I honestly do not believe you read the posts that followed the one I responded too about yours. Channing Frye and Nate Robinson would help save the Suns starters who are logging a ridiculous amount of minutes heading into the playoffs. Amare with that knee of his (an indication of the stress that was put on his body), Marion at 30 and Nash at 33, need players who can play meaningful minutes so they don't always have to. Frye can and will play the 5. That saves Amare from alot of the physical play he gets on the defensive end of the floor and also moves a 6-7 Marion back to his natural position. Just last year before Frye's sophomore slump, he approached 20 and 8 before that injury sidelined him for the year. An excellent passing PG like Nash and a system that favors offensive talent should revatilize Frye's game and improve it significantly. Nate Robinson can go off for 25 and above if he gets the ball. You might not necessarily trust him to run the offense but he does give the Suns some offensive punch off the bench and you can just have Barbosa or Diaw handle the ball.

As I also mentioned before, refer back to the Pistons and what they did with the no.2 pick as contenders. Also refer back to my Jermaine O'neal reference of how he was ready to play all-star caliber ball with the Blazers but never got the chance until he went to the Blazers. That situation wouldn't be any different on the Suns where you have 7 or more established players who won't be taking a back seat to this player.


----------



## TwinkieFoot (Jul 8, 2006)

*Re: Wow, twink...just wow*



alphaorange said:


> 1) I never said IT gave us no future. In fact, at this time we have a great future because of our youth and talent.
> 2) Curry's flaw's have been well documented by both myself and Kiyaman many times. How many different ways do you want us to say he is a VERY one dimensional player with flaws that actually HURT the team.
> 3) The fact that IT has chosen to make Curry his centerpiece doesn't mean I ( or anyone else) has to agree with it. I see it it as a matter of necessity at this time. Where else is he going to turn? If he manages to secure, say Garnett (which should take less than you propose), Curry becomes the #2 from day one.
> 4) We did not need Curry. Frye would have been given all the minutes he could take and would be more developed as a player by getting more attention from the staff that Curry now gets. We would be going into his 3rd year with him being 15-20 pounds stronger and experienced. We would also have had an additional lotto pick last year and a lotto pick this year instead of #23 or whatever. Getting Curry did nothing for us for 2 years and it remains to be seen if he takes us anywhere next.
> ...


1.) You must seem to have a short term memory because this isn't the first time you "forgot" comments you made earlier. You regularly bash Isiah the GM on the regular which suggests to me that your not happy with what he's doing with the player personnel.

2.) You've mentioned Curry's flaws several different times but at least Kiyaman has never directly responded to argument made by people like myself that is essentially based on the fact that Curry at 24 years old is not a completed project. You on the other hand can't seem to fathom this is the case when no one would judge any other 24 year old as a completed project but I guess that just makes you special.
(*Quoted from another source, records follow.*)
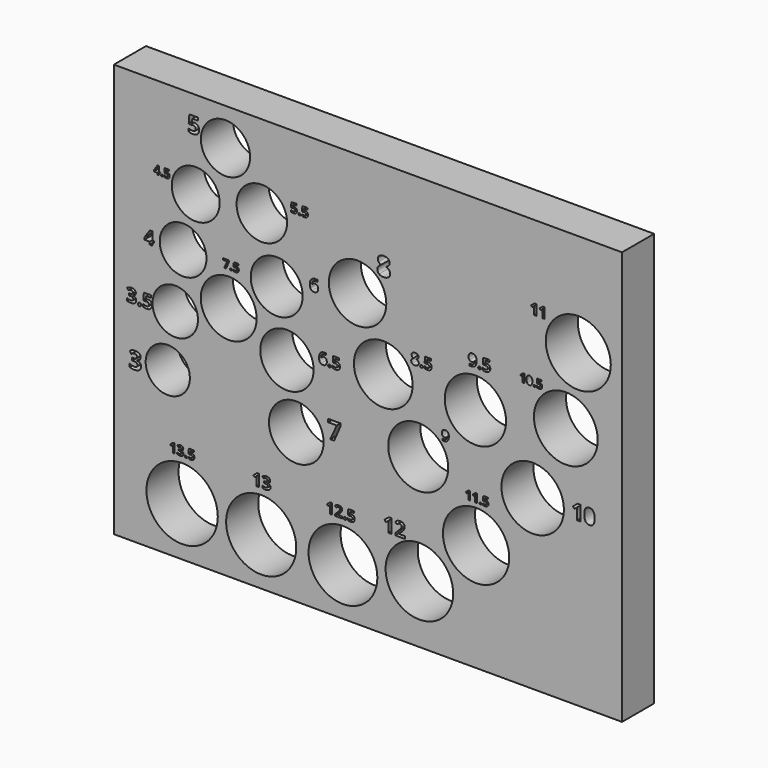
from build123d import *

# Parameters (mm, degrees)
F0_W     = 160.9384715557
F0_H     = 130.9329941869
F0_R     = 11.3
F0_R_2   = 11.1
F0_R_3   = 10.9
F0_R_4   = 7
F0_R_5   = 8.65
F0_R_6   = 10.7
F0_R_7   = 10.5
F0_R_8   = 9.5
F0_R_9   = 9.9
F0_R_10  = 7.2
F0_R_11  = 8.85
F0_R_12  = 7.4
F0_R_13  = 8.45
F0_R_14  = 8.225
F0_R_15  = 9.1
F0_R_16  = 7.6
F0_R_17  = 7.8
F0_R_18  = 8
F0_R_19  = 9.3
F0_R_20  = 9.7
F0_R_21  = 10.1
F0_R_22  = 10.3
F1_DEPTH = 12.7


with BuildPart() as f1:
    # F0 (on Front) → F1 (new body)
    with BuildSketch(Plane.XZ):
        with Locations((-0.597499311, -12.6713551581)):
            Rectangle(F0_W, F0_H)
        with Locations((-59.4613514841, -62.5652894378)):
            Circle(F0_R, mode=Mode.SUBTRACT)
        with BuildLine():
            Line((-61.8060982217, -46.5335902021), (-61.8060982217, -49.4282282889))
            Line((-61.8060982217, -49.4282282889), (-62.4180965565, -49.4282282889))
            Line((-62.4180965565, -49.4282282889), (-62.4180965565, -47.7531521012))
            Line((-62.4180965565, -47.7531521012), (-62.41176117, -47.4781963276))
            Line((-62.41176117, -47.4781963276), (-62.4022580903, -47.1772654693))
            add(Edge.make_bspline(
                [(-62.4022580903, -47.1772654693), (-62.554307366, -47.3293147451), (-62.613859999, -47.3768301438)],
                knots=[0, 0, 0, 1, 1, 1], degree=2))
            Line((-62.613859999, -47.3768301438), (-62.9464677897, -47.6441834536))
            Line((-62.9464677897, -47.6441834536), (-63.2416968001, -47.2760974986))
            Line((-63.2416968001, -47.2760974986), (-62.3091279089, -46.5335902021))
            Line((-62.3091279089, -46.5335902021), (-61.8060982217, -46.5335902021))
        make_face(mode=Mode.SUBTRACT)
        with BuildLine():
            add(Edge.make_bspline(
                [(-59.3543036505, -46.6745525514), (-59.0939192658, -46.856694913), (-59.0939192658, -47.1810667012)],
                knots=[0, 0, 0, 1, 1, 1], degree=2))
            add(Edge.make_bspline(
                [(-59.0939192658, -47.1810667012), (-59.0939192658, -47.452221243), (-59.2583225451, -47.6422828376)],
                knots=[0, 0, 0, 1, 1, 1], degree=2))
            add(Edge.make_bspline(
                [(-59.2583225451, -47.6422828376), (-59.4227258245, -47.8323444323), (-59.7198554509, -47.9039342996)],
                knots=[0, 0, 0, 1, 1, 1], degree=2))
            Line((-59.7198554509, -47.9039342996), (-59.7198554509, -47.9153379953))
            add(Edge.make_bspline(
                [(-59.7198554509, -47.9153379953), (-59.3688750394, -47.9590521621), (-59.1889500631, -48.1285237507)],
                knots=[0, 0, 0, 1, 1, 1], degree=2))
            add(Edge.make_bspline(
                [(-59.1889500631, -48.1285237507), (-59.0090250868, -48.2979953393), (-59.0090250868, -48.5849883472)],
                knots=[0, 0, 0, 1, 1, 1], degree=2))
            add(Edge.make_bspline(
                [(-59.0090250868, -48.5849883472), (-59.0090250868, -49.0024903168), (-59.311856561, -49.2353157703)],
                knots=[0, 0, 0, 1, 1, 1], degree=2))
            add(Edge.make_bspline(
                [(-59.311856561, -49.2353157703), (-59.6146880352, -49.4681412238), (-60.1766368167, -49.4681412238)],
                knots=[0, 0, 0, 1, 1, 1], degree=2))
            add(Edge.make_bspline(
                [(-60.1766368167, -49.4681412238), (-60.6479895715, -49.4681412238), (-61.0122742946, -49.3116571775)],
                knots=[0, 0, 0, 1, 1, 1], degree=2))
            Line((-61.0122742946, -49.3116571775), (-61.0122742946, -48.7908884081))
            add(Edge.make_bspline(
                [(-61.0122742946, -48.7908884081), (-60.8443865527, -48.875782587), (-60.6422877237, -48.9293166029)],
                knots=[0, 0, 0, 1, 1, 1], degree=2))
            add(Edge.make_bspline(
                [(-60.6422877237, -48.9293166029), (-60.4401888947, -48.9828506187), (-60.2425248362, -48.9828506187)],
                knots=[0, 0, 0, 1, 1, 1], degree=2))
            add(Edge.make_bspline(
                [(-60.2425248362, -48.9828506187), (-59.9390598234, -48.9828506187), (-59.7946130114, -48.8799005883)],
                knots=[0, 0, 0, 1, 1, 1], degree=2))
            add(Edge.make_bspline(
                [(-59.7946130114, -48.8799005883), (-59.6501661995, -48.7769505578), (-59.6501661995, -48.5488766442)],
                knots=[0, 0, 0, 1, 1, 1], degree=2))
            add(Edge.make_bspline(
                [(-59.6501661995, -48.5488766442), (-59.6501661995, -48.3455107379), (-59.8164700948, -48.2602997896)],
                knots=[0, 0, 0, 1, 1, 1], degree=2))
            add(Edge.make_bspline(
                [(-59.8164700948, -48.2602997896), (-59.9827739902, -48.1750888414), (-60.3470587133, -48.1750888414)],
                knots=[0, 0, 0, 1, 1, 1], degree=2))
            Line((-60.3470587133, -48.1750888414), (-60.5668966244, -48.1750888414))
            Line((-60.5668966244, -48.1750888414), (-60.5668966244, -47.7056367025))
            Line((-60.5668966244, -47.7056367025), (-60.3432574814, -47.7056367025))
            add(Edge.make_bspline(
                [(-60.3432574814, -47.7056367025), (-60.0068484588, -47.7056367025), (-59.8513147205, -47.6175748303)],
                knots=[0, 0, 0, 1, 1, 1], degree=2))
            add(Edge.make_bspline(
                [(-59.8513147205, -47.6175748303), (-59.6957809822, -47.5295129581), (-59.6957809822, -47.3160104335)],
                knots=[0, 0, 0, 1, 1, 1], degree=2))
            add(Edge.make_bspline(
                [(-59.6957809822, -47.3160104335), (-59.6957809822, -46.9872038747), (-60.107581104, -46.9872038747)],
                knots=[0, 0, 0, 1, 1, 1], degree=2))
            add(Edge.make_bspline(
                [(-60.107581104, -46.9872038747), (-60.2501273, -46.9872038747), (-60.3977418052, -47.0347192733)],
                knots=[0, 0, 0, 1, 1, 1], degree=2))
            add(Edge.make_bspline(
                [(-60.3977418052, -47.0347192733), (-60.5453563104, -47.082234672), (-60.7252812867, -47.1988057834)],
                knots=[0, 0, 0, 1, 1, 1], degree=2))
            Line((-60.7252812867, -47.1988057834), (-61.0084730627, -46.7775025819))
            add(Edge.make_bspline(
                [(-61.0084730627, -46.7775025819), (-60.6125114072, -46.4924101899), (-60.0638669372, -46.4924101899)],
                knots=[0, 0, 0, 1, 1, 1], degree=2))
            add(Edge.make_bspline(
                [(-60.0638669372, -46.4924101899), (-59.6146880352, -46.4924101899), (-59.3543036505, -46.6745525514)],
                knots=[0, 0, 0, 1, 1, 1], degree=2))
        make_face(mode=Mode.SUBTRACT)
        with BuildLine():
            add(Edge.make_bspline(
                [(-58.5297530989, -49.3933836632), (-58.620665895, -49.305321791), (-58.620665895, -49.1450365128)],
                knots=[0, 0, 0, 1, 1, 1], degree=2))
            add(Edge.make_bspline(
                [(-58.620665895, -49.1450365128), (-58.620665895, -48.9790493868), (-58.5316537149, -48.8938384385)],
                knots=[0, 0, 0, 1, 1, 1], degree=2))
            add(Edge.make_bspline(
                [(-58.5316537149, -48.8938384385), (-58.4426415347, -48.8086274903), (-58.2722196381, -48.8086274903)],
                knots=[0, 0, 0, 1, 1, 1], degree=2))
            add(Edge.make_bspline(
                [(-58.2722196381, -48.8086274903), (-58.1081331281, -48.8086274903), (-58.0181706399, -48.8957390545)],
                knots=[0, 0, 0, 1, 1, 1], degree=2))
            add(Edge.make_bspline(
                [(-58.0181706399, -48.8957390545), (-57.9282081518, -48.9828506187), (-57.9282081518, -49.1450365128)],
                knots=[0, 0, 0, 1, 1, 1], degree=2))
            add(Edge.make_bspline(
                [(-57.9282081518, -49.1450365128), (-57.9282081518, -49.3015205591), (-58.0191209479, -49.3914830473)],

3.) Curry is not the centerpiece of our team by necessity because if that were he case, Isiah would have went with an already better player like Stephon Marbury. I think if we do bring in Garnett to the Knicks, I think Isiah still may keep Curry as the center focus of the offense since guys like Garnett can do so many things on the floor and Curry still is the future. I don't think we give up too much for Garnett in my suggested trade because we also get alot in return like a solid 10 man rotation and shorter length contracts.

4.) Curry established himself as possibly the most effective low post center in the league. How exactly is that nothing? The rest of his game has yet to be seen but would Frye have become that effective a player in the post? I doubt it and I doubt Frye would have done any one thing exceptionally well like Curry. I think you kind of strengthened my argument that Curry is not the centerpiece of the team by default but because of talent. Why else would the Knicks decide to build around him if Frye was capable of what you said?

5.) Time-out. Every championship contender has certain flaws. The Spurs don't hit free throws, the Suns don't play particularly good defense, the Heat play spotty defense, the Mavericks are still a jump shooting team, etc. With that roster we'd end up with, I think we'd be a hell of alot more complete. We'd have a core of Marbury, Garnett and Curry with solid two way players like James Posey and Quentin Richardson. We'd have a 6th man of the year candidate in Crawford, defenders and hustle players like Mardy Collins, Ronaldo Balkman and Jason Collins and a 3 point threat in Radmanovic that started for the Clippers last year. What about that suggests "patch work?"

6.) Stephon Marbury and Kevin Garnett's contract expire after the 2008-2009 season after paying each about $50 million for the season. Jason Collins $6 million conract expires during that same time bringing the total up to $56 million as will Posey's contract most likely. Quentin Richardson's, and Troy Hudson's contracts topping out about $15 million expire the following year. Considering that within a relatively short amount of time, the Knicks will be free of $71 million not yet including Posey's contract. We don't have to worry about resigning the young guys because we don't have any young guys to really resign besides Balkman and Collins who will be free agents when Richardson and Hudson's contract expire. By the way, after that experiment is done, we can rebuild by looking to sign free agents like LeBron James, Chris Bosh or Carmelo Anthony or going a more realistic route and sign players to compliment the team's franchise player, Eddy Curry. During that time we'd already have selected 3-4 first round players and we've seen how solid a job Isiah has done doing so with Mardy Collins, Ronaldo Balkman, Nate Robinson, David Lee, etc. They mean squat especially considering you just said that your happy with the young players Isiah brought in; unless of course your lieing.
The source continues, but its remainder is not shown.